-1-
The Pandora’s box of dynamite fishing was opened forty years ago on Apo Island, just a few miles off the coast of Negros Island. After only a few years of blasting, the delicate coral reef fringing the island was mostly reduced to a calcified rubble so that even today the sand on Apo’s beaches is made up of golf-tee sized bits of broken coral, worn smooth by the waves and resembling millions of tiny bones. It’s just another reminder of how far this island has progressed since then.
Jutting like a jagged, volcanic tooth out of the nearly 700-foot deep Tañon Strait, today Apo is home to about a thousand people—and nearly all of them are fishermen. I’m told that 25 years ago, the section of reef I snorkeled this afternoon was a barren underwater wasteland with flattened corals that offered no protection to the thousands of reef fish that depended on it for a home before the bombing began. It bore no resemblance to spectacular example of the ocean’s biodiversity it is today, home to even more species than Australia’s Great Barrier Reef.
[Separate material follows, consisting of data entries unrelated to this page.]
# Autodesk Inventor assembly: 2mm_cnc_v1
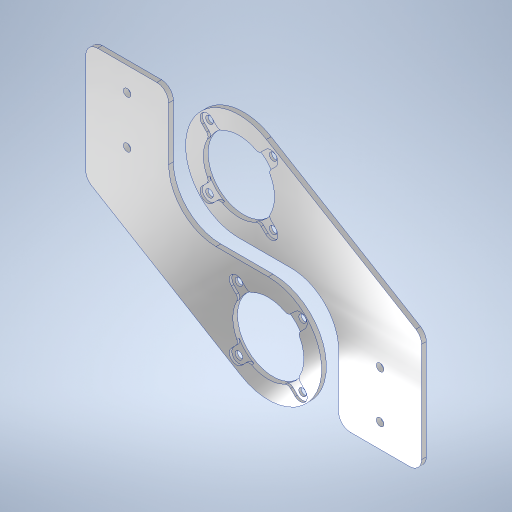
[picture p0: Inventor's stored thumbnail of the model, 512x512]
Saved by Autodesk Inventor 2024.3 (Build 283343010, 343A)
## iProperties
Created: 2025-07-12
Part Number: 2mm_cnc_v1
Document SubType Name: Assembly
Designer: tanoue_kota
Author: tanoue_kota
## Documents named in this file (2)
- C:\Users\kshau\Documents\inventor\Create_ViperX\Create_ViperX_ALOHA\FlatPattern\2mm_cnc_v1.iam
- C:\Users\kshau\Documents\inventor\Create_ViperX\Create_ViperX_ALOHA\UpperArm_Component_v2\upperarm_fixplate2_forR0.ipt
## Components (2 placed, 1 different names)
1. upperarm_fixplate2_forR0:1 — フラッシュ:1, メイト:1
2. upperarm_fixplate2_forR0:2 — フラッシュ:1, メイト:1
## Relationships (2: Flush 1, Mate 1)
- フラッシュ:1 [Flush]: upperarm_fixplate2_forR0:1 ↔ upperarm_fixplate2_forR0:2
- メイト:1 [Mate] (8 mm): upperarm_fixplate2_forR0:1 ↔ upperarm_fixplate2_forR0:2
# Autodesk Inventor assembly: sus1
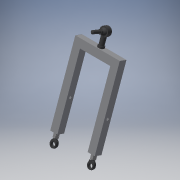
[picture p0: Inventor's stored thumbnail of the model, 180x180]
Saved by Autodesk Inventor 2018 (Build 220112000, 112)
## iProperties
Created: 2017-09-08
Part Number: sus1
Material: 一般
Document SubType Name: Assembly
Designer: mura5
Author: mura5
## Documents named in this file (5)
- C:\Users\mura5\Documents\RBBR\cart\A.iam
- C:\Users\mura5\Documents\RBBR\cart\Rod1.iam
- C:\Users\mura5\Documents\RBBR\cart\iko_LHSA_14\AIS2016\LHSA 14 Body1.ipt
- C:\Users\mura5\Documents\RBBR\cart\iko_LHSA_14\AIS2016\LHSA 14 Body2.ipt
- C:\Users\mura5\Documents\RBBR\cart\Pipe2.ipt
## Components (5 placed, 4 different names)
1. Rod1:1 [sub-assembly] — 角度:1, リジッド:4, メイト:10
2. Rod1:2 [sub-assembly] — リジッド:5, フラッシュ:1
3. LHSA 14 Body1:1 — ボール:3, リジッド:3, 角度:3
4. LHSA 14 Body2:1 — ボール:3, 角度:3
5. Pipe2:1 — リジッド:3, 角度:2, リジッド:4, リジッド:5
## Relationships (9: WeldJoint 3, Angle 3, BallJoint 1, Flush 1, Mate 1)
- ボール:3 [BallJoint]: LHSA 14 Body1:1 ↔ LHSA 14 Body2:1
- リジッド:3 [WeldJoint]: LHSA 14 Body1:1 ↔ Pipe2:1
- 角度:1 [Angle] (0 deg): Rod1:1
- 角度:2 [Angle] (0 deg): Pipe2:1
- 角度:3 [Angle] (-90 deg): LHSA 14 Body1:1 ↔ LHSA 14 Body2:1
- リジッド:4 [WeldJoint]: Rod1:1 ↔ Pipe2:1
- リジッド:5 [WeldJoint]: Rod1:2 ↔ Pipe2:1
- フラッシュ:1 [Flush]: Rod1:2
- メイト:10 [Mate]: Rod1:1
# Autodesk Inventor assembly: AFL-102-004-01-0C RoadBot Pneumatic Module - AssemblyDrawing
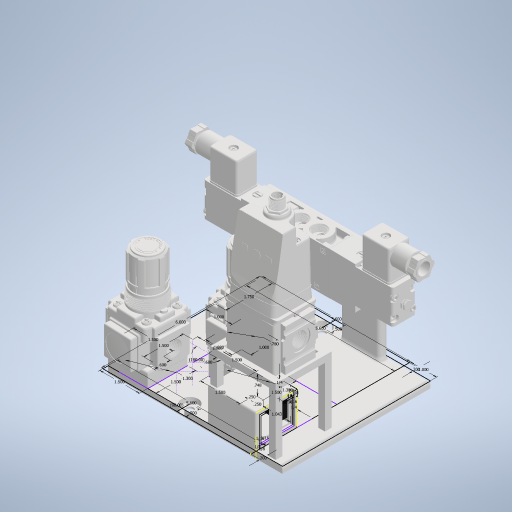
[picture p0: Inventor's stored thumbnail of the model, 512x512]
Saved by Autodesk Inventor 2024.1 (Build 281209000, 209)
## iProperties
Created: 2022-04-02
Part Number: AFL-102-004-01-0C RoadBot Pneumatic Module - AssemblyDrawing
Document SubType Name: Assembly
Designer: Beaucage
Author: Beaucage
## Documents named in this file (6)
- C:\Users\pab2\Documents\GitHub\AFL-hardware-devel\CAD-NewOrgScheme\AFL-102-(TravelAFL)\004-(PneumaticModule)\AFL-102-004-01-0C RoadBot Pneumatic Module - AssemblyDrawing.iam
- C:\Users\pab2\Documents\GitHub\AFL-hardware-devel\CAD-NewOrgScheme\AFL-102-(TravelAFL)\004-(PneumaticModule)\Keystone_Jack_Single_Receptacle (1).ipt
- C:\Users\pab2\Downloads\8812K52_Compressed Air Regulator\8812K52_Compressed Air Regulator.ipt
- C:\Users\pab2\Documents\GitHub\AFL-hardware-devel\CAD-NewOrgScheme\AFL-102-(TravelAFL)\004-(PneumaticModule)\RoadBot Pneumatic Module - Base - r4.ipt
- C:\Users\pab2\Downloads\6425K183_Electrical Air Directional Control Valve\6425K183_Electrical Air Directional Control Valve.ipt
- C:\Users\pab2\Downloads\8083T1_Precision Compressed Air Regulator with Display\8083T1_Precision Compressed Air Regulator with Display.ipt
## Components (6 placed, 5 different names)
1. RoadBot Pneumatic Module - Base - r4:1 — Mate:1, Mate:2, Flush:1, Mate:3, Mate:4, Mate:5, Mate:6, Mate:7, Mate:8, Mate:9, Mate:10, Mate:11, Mate:12, Mate:13
2. Keystone_Jack_Single_Receptacle (1):1 — Mate:1, Mate:2, Flush:1
3. 8812K52_Compressed Air Regulator:1 — Mate:3, Mate:4, Mate:5
4. 8812K52_Compressed Air Regulator:2 — Mate:6, Mate:7
5. 6425K183_Electrical Air Directional Control Valve:1 — Mate:8, Mate:9, Mate:10
6. 8083T1_Precision Compressed Air Regulator with Display:1 — Mate:11, Mate:12, Mate:13
## Relationships (14: Mate 13, Flush 1)
- Mate:1: RoadBot Pneumatic Module - Base - r4:1 ↔ Keystone_Jack_Single_Receptacle (1):1
- Mate:2: RoadBot Pneumatic Module - Base - r4:1 ↔ Keystone_Jack_Single_Receptacle (1):1
- Flush:1: RoadBot Pneumatic Module - Base - r4:1 ↔ Keystone_Jack_Single_Receptacle (1):1
- Mate:3: RoadBot Pneumatic Module - Base - r4:1 ↔ 8812K52_Compressed Air Regulator:1
- Mate:4: RoadBot Pneumatic Module - Base - r4:1 ↔ 8812K52_Compressed Air Regulator:1
- Mate:5: RoadBot Pneumatic Module - Base - r4:1 ↔ 8812K52_Compressed Air Regulator:1
- Mate:6: RoadBot Pneumatic Module - Base - r4:1 ↔ 8812K52_Compressed Air Regulator:2
- Mate:7: RoadBot Pneumatic Module - Base - r4:1 ↔ 8812K52_Compressed Air Regulator:2
- Mate:8: RoadBot Pneumatic Module - Base - r4:1 ↔ 6425K183_Electrical Air Directional Control Valve:1
- Mate:9: RoadBot Pneumatic Module - Base - r4:1 ↔ 6425K183_Electrical Air Directional Control Valve:1
- Mate:10: RoadBot Pneumatic Module - Base - r4:1 ↔ 6425K183_Electrical Air Directional Control Valve:1
- Mate:11: RoadBot Pneumatic Module - Base - r4:1 ↔ 8083T1_Precision Compressed Air Regulator with Display:1
- Mate:12: RoadBot Pneumatic Module - Base - r4:1 ↔ 8083T1_Precision Compressed Air Regulator with Display:1
- Mate:13: RoadBot Pneumatic Module - Base - r4:1 ↔ 8083T1_Precision Compressed Air Regulator with Display:1

Apo’s recovery wasn’t an accident. The marine biologists from Silliman University’s Marine Lab in nearby Dumaguete had witnessed first-hand the devastation brought by dynamite fishing in the nearby communities on the coast, but for years had struggled to find a solution to reverse this worsening problem. Even though it is illegal to use dynamite for fishing, government attempts to reduce the demolition of the country’s fragile reefs have had difficulty. But in 1982, a few pioneering scientists led by Dr. Angel Alcala from the Marine Lab approached the Apo Island community with the idea of creating a marine sanctuary there. Apo’s fishermen were catching fewer and fewer fish to feed their families and most of them realized they needed help. Also, the Marine Lab was looking for a case study for the new science of marine sanctuaries, and after all the flattened reef of the proposed sanctuary site wasn’t used anymore since the fish were already dead. The community leaders held a vote, and it was agreed to establish one of the first marine sanctuaries in the Philippines.
At the time, the idea of a community-based sanctuary was a new idea and it took some getting used to—most people had grown up fishing wherever they wanted to whenever they wanted. For the first few years after the buoys went up to mark the area off-limits to fishing nobody really cared—there weren’t any fish to catch there anyway. But after five years of no fishing, a small school of jacks (a tuna species) returned to Apo.
This was big news since the jacks were among the first species to disappear when the bombs started dropping on the reef in the years before. Even though the fish weren’t fully grown, everyone noticed that they chose the protection of the sanctuary area for their home. A few years later, after this newly-returned school of jacks had matured, they moved out of the marine sanctuary and used cobalt depths of Apo Island’s rocky Cogon Point as a feeding ground. The strong deep-sea currents brought a steady supply of small fish and marine animals for them to eat, and the fish grew rapidly from the steady supply of food. Cogon Point also happens to be the traditional fishing ground of the island’s fishermen—the sanctuary had begun to pay off already.
Today it’s been nearly 25 years since the establishment of Apo Island’s marine sanctuary. The small school of jacks that first arrived has multiplied into a shimmering wall of about 1,000. The adult fish return to the marine sanctuary each year to spawn and the juveniles still grow there until they’re large enough to move out into the open water. It’s like a living savings account that the island’s fishermen draw the interest from each year for a sustainable livelihood. Depleted populations of green and hawksbill sea turtles are rebounding thanks to an innovative turtle breeding program that pays islanders a bounty of about protect the turtle eggs laid on the island’s beaches rather than dig the eggs up and sell them as an edible delicacy for just pennies. Rare species such as thresher sharks, bumphead parrotfish and Napoleon wrasse have also returned as the health of the ecosystem improves year after year.